[What needs to be done]:
Within the records below, reproduce without change the lines from the line that has "#120=ORIENTED_EDGE('',*,*,#119,.F.);" through the line that has "#133=DIRECTION('',(0.,1.,0.));", and only those.

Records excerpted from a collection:
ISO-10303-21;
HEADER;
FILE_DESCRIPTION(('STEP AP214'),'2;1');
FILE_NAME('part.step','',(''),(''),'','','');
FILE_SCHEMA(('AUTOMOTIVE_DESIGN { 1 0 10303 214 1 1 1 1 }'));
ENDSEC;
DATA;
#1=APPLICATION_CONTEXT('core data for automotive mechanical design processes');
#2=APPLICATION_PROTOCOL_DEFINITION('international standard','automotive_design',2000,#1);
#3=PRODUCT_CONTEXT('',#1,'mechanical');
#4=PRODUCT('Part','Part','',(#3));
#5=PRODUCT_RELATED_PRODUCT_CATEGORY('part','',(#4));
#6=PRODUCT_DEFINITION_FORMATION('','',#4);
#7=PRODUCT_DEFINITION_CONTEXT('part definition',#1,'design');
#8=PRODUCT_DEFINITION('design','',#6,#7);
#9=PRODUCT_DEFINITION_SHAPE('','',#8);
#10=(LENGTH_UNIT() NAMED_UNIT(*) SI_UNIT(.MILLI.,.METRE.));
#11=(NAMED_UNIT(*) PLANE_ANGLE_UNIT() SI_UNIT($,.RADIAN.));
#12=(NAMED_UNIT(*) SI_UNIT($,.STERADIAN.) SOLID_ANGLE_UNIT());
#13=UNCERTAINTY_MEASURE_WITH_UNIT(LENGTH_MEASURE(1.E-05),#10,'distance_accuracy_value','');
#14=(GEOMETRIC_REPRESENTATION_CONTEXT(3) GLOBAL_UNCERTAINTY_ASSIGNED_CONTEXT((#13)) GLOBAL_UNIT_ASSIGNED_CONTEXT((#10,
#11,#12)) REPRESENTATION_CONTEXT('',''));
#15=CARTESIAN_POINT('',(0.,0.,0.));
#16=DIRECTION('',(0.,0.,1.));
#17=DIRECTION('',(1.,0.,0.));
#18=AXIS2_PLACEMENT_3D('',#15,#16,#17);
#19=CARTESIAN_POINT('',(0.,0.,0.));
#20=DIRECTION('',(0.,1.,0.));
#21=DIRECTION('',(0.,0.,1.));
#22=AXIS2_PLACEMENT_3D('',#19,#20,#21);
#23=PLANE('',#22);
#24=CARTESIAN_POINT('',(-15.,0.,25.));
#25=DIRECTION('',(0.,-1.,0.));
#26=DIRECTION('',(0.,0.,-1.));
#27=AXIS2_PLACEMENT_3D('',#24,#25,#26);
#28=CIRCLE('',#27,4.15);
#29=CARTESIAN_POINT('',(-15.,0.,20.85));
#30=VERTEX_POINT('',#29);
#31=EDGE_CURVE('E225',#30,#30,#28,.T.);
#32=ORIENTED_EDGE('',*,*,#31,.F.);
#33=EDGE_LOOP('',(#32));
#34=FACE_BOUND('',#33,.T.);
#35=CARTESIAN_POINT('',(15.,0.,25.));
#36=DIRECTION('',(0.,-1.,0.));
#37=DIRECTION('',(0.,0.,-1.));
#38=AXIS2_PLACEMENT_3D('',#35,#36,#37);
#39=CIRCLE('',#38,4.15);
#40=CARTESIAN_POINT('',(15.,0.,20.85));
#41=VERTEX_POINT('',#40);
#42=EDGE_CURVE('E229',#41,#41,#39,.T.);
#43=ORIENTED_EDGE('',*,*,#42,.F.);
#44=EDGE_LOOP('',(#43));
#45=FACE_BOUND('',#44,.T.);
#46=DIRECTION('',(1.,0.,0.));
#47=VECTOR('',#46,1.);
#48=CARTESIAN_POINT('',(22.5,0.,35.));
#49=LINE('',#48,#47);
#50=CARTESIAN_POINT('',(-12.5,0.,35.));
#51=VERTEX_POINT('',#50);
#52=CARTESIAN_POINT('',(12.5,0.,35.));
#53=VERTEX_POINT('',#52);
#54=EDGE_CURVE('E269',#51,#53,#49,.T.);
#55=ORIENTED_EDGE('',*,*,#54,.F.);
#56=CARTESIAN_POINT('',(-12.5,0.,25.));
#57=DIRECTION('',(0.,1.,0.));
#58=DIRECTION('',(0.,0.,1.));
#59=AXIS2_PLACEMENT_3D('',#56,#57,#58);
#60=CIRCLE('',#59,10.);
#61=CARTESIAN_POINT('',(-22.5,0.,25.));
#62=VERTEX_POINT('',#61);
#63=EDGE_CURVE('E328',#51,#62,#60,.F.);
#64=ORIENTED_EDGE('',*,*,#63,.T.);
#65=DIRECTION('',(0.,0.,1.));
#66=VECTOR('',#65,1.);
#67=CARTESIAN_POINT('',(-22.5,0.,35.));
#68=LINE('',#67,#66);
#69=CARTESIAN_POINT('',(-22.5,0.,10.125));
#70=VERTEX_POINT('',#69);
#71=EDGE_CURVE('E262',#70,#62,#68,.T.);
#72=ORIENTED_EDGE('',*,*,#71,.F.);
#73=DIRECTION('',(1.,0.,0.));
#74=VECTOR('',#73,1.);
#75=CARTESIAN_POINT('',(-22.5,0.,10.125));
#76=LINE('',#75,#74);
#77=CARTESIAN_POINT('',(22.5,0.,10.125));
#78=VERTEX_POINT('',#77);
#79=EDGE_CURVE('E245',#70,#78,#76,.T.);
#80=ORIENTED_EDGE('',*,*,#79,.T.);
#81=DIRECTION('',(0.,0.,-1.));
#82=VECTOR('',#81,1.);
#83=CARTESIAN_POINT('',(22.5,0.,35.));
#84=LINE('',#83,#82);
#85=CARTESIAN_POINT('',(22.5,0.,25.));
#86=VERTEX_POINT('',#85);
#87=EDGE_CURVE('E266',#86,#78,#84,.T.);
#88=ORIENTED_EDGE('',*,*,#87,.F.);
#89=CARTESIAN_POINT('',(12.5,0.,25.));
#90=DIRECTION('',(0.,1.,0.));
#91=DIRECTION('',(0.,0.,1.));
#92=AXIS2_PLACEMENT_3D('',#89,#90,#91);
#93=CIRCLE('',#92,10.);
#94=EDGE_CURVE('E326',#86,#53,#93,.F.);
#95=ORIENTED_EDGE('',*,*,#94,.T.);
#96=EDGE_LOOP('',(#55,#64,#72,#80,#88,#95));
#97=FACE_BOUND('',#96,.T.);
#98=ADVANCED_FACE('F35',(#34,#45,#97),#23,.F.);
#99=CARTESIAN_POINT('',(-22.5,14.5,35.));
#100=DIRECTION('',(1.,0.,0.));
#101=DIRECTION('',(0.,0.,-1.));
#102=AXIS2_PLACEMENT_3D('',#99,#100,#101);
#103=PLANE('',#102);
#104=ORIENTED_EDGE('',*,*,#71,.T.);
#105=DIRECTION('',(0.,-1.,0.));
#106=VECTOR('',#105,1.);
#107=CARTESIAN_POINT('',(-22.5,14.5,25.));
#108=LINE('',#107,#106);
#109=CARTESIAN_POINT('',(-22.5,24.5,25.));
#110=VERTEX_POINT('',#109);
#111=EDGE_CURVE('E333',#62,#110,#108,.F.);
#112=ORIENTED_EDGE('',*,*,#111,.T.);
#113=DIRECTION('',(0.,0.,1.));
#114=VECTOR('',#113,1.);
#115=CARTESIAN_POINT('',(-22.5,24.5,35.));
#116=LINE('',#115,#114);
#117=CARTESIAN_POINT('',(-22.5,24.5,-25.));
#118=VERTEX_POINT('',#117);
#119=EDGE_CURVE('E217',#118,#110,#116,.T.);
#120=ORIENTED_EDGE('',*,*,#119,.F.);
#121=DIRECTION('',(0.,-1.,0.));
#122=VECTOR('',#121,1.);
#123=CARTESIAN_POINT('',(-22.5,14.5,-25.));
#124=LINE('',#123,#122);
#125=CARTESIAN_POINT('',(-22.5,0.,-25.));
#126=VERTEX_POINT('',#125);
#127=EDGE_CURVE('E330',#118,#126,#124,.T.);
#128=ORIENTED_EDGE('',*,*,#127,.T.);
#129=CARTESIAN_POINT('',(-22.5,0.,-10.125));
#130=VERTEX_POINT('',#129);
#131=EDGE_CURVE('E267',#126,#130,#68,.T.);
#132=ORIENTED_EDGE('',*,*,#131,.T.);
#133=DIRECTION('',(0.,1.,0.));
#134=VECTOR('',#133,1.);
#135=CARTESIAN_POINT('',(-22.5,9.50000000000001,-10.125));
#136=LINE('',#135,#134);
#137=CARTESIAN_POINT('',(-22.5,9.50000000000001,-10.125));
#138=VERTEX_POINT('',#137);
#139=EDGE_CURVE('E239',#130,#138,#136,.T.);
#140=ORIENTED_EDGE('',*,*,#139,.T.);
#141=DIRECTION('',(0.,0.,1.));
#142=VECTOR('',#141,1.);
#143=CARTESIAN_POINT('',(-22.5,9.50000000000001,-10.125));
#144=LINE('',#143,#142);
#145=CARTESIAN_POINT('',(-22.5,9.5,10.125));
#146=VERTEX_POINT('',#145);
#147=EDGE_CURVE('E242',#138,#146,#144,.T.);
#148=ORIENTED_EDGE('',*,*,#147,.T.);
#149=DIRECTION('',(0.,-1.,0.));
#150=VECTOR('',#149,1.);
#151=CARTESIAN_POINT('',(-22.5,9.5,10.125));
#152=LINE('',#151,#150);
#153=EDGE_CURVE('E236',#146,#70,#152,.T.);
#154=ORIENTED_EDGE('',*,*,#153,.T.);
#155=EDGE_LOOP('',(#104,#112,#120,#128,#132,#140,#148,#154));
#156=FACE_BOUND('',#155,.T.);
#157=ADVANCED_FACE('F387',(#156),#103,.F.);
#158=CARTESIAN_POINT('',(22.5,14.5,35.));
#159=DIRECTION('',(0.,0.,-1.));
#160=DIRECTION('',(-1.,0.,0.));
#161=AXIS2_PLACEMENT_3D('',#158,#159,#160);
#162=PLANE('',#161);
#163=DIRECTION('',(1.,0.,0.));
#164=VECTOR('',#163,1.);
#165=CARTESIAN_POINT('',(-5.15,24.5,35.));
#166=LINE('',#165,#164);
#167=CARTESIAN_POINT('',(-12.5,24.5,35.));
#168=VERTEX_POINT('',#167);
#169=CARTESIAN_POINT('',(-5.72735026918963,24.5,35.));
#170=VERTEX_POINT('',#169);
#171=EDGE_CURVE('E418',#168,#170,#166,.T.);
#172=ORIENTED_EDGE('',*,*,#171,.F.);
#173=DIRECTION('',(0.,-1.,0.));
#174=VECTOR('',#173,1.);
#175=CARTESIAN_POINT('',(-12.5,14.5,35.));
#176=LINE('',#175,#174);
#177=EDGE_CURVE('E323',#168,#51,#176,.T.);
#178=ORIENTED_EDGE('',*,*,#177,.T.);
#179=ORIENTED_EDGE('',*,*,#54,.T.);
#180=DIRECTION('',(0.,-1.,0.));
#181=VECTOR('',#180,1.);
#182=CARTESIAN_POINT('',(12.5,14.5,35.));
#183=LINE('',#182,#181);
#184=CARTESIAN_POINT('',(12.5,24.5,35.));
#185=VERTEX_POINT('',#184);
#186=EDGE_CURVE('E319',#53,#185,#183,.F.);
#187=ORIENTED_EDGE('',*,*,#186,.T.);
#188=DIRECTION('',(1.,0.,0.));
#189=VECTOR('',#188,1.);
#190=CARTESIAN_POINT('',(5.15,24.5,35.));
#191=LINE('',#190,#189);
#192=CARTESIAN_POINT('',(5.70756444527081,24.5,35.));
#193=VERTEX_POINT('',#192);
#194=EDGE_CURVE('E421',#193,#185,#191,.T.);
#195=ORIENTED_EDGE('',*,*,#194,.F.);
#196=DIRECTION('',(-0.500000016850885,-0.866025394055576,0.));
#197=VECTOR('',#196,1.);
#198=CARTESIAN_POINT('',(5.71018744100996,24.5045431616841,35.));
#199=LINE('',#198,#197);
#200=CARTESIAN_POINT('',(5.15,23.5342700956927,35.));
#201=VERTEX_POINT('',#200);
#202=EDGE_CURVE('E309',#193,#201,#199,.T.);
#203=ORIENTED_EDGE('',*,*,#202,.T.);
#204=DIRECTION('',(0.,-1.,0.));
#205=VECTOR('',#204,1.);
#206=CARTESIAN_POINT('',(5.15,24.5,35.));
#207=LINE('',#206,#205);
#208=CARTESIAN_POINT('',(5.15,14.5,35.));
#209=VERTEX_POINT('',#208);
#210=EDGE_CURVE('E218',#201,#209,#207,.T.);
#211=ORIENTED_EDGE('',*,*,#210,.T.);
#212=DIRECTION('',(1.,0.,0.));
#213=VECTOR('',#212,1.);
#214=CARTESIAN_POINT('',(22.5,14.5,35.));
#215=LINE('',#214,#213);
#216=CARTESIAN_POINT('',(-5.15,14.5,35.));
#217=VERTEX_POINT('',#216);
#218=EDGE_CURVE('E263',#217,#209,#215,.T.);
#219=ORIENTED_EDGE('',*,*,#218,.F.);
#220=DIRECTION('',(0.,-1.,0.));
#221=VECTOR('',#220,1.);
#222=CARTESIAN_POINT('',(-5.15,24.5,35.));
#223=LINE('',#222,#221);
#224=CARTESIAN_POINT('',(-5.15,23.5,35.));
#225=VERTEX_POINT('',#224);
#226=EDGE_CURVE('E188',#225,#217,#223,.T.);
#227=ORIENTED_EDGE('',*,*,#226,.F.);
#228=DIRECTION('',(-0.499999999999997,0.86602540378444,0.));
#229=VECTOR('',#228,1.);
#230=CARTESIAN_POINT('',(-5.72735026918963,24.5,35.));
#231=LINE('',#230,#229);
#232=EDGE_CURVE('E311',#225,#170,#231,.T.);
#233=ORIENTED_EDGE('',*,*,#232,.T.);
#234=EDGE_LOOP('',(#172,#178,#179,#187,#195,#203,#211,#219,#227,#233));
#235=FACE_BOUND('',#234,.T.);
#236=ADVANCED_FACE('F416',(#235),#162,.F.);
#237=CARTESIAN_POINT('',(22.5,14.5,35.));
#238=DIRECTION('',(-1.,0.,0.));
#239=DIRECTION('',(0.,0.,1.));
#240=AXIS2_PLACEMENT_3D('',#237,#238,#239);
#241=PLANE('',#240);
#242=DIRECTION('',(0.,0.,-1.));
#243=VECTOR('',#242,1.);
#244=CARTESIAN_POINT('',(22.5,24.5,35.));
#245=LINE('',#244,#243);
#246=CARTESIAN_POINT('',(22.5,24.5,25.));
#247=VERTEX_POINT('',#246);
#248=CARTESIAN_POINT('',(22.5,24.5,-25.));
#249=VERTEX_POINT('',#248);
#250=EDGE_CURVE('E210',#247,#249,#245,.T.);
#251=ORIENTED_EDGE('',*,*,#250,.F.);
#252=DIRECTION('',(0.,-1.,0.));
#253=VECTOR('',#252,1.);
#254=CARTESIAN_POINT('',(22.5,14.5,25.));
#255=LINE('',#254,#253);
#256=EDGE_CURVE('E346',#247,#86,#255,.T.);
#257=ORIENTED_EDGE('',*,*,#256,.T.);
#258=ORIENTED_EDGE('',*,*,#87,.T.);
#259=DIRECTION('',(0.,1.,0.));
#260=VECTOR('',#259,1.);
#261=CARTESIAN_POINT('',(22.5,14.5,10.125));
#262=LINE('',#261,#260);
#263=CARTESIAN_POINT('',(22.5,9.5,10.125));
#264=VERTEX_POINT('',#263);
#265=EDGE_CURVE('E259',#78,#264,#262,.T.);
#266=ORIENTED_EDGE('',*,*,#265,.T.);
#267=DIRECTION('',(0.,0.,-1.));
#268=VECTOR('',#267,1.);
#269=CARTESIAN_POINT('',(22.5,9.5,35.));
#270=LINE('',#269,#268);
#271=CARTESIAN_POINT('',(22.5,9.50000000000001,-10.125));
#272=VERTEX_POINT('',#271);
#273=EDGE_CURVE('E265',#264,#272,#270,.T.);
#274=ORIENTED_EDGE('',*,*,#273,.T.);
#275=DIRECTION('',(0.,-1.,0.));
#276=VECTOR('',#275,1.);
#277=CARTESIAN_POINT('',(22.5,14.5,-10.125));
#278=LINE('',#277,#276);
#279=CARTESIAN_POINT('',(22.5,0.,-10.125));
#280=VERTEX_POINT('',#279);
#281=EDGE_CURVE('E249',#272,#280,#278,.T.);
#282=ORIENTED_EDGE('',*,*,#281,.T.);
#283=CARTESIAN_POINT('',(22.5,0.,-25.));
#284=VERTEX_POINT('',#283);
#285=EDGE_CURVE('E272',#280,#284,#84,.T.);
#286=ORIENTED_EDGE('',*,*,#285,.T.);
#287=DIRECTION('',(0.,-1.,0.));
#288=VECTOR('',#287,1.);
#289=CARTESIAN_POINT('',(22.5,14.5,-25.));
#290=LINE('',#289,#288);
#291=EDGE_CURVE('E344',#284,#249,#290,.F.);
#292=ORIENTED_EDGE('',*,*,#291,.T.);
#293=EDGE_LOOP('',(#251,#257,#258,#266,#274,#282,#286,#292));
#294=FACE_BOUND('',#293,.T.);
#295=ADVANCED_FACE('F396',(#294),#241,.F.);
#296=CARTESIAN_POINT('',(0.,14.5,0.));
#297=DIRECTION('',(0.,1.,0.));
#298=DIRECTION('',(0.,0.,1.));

[Answer space]:
#120=ORIENTED_EDGE('',*,*,#119,.F.);
#121=DIRECTION('',(0.,-1.,0.));
#122=VECTOR('',#121,1.);
#123=CARTESIAN_POINT('',(-22.5,14.5,-25.));
#124=LINE('',#123,#122);
#125=CARTESIAN_POINT('',(-22.5,0.,-25.));
#126=VERTEX_POINT('',#125);
#127=EDGE_CURVE('E330',#118,#126,#124,.T.);
#128=ORIENTED_EDGE('',*,*,#127,.T.);
#129=CARTESIAN_POINT('',(-22.5,0.,-10.125));
#130=VERTEX_POINT('',#129);
#131=EDGE_CURVE('E267',#126,#130,#68,.T.);
#132=ORIENTED_EDGE('',*,*,#131,.T.);
#133=DIRECTION('',(0.,1.,0.));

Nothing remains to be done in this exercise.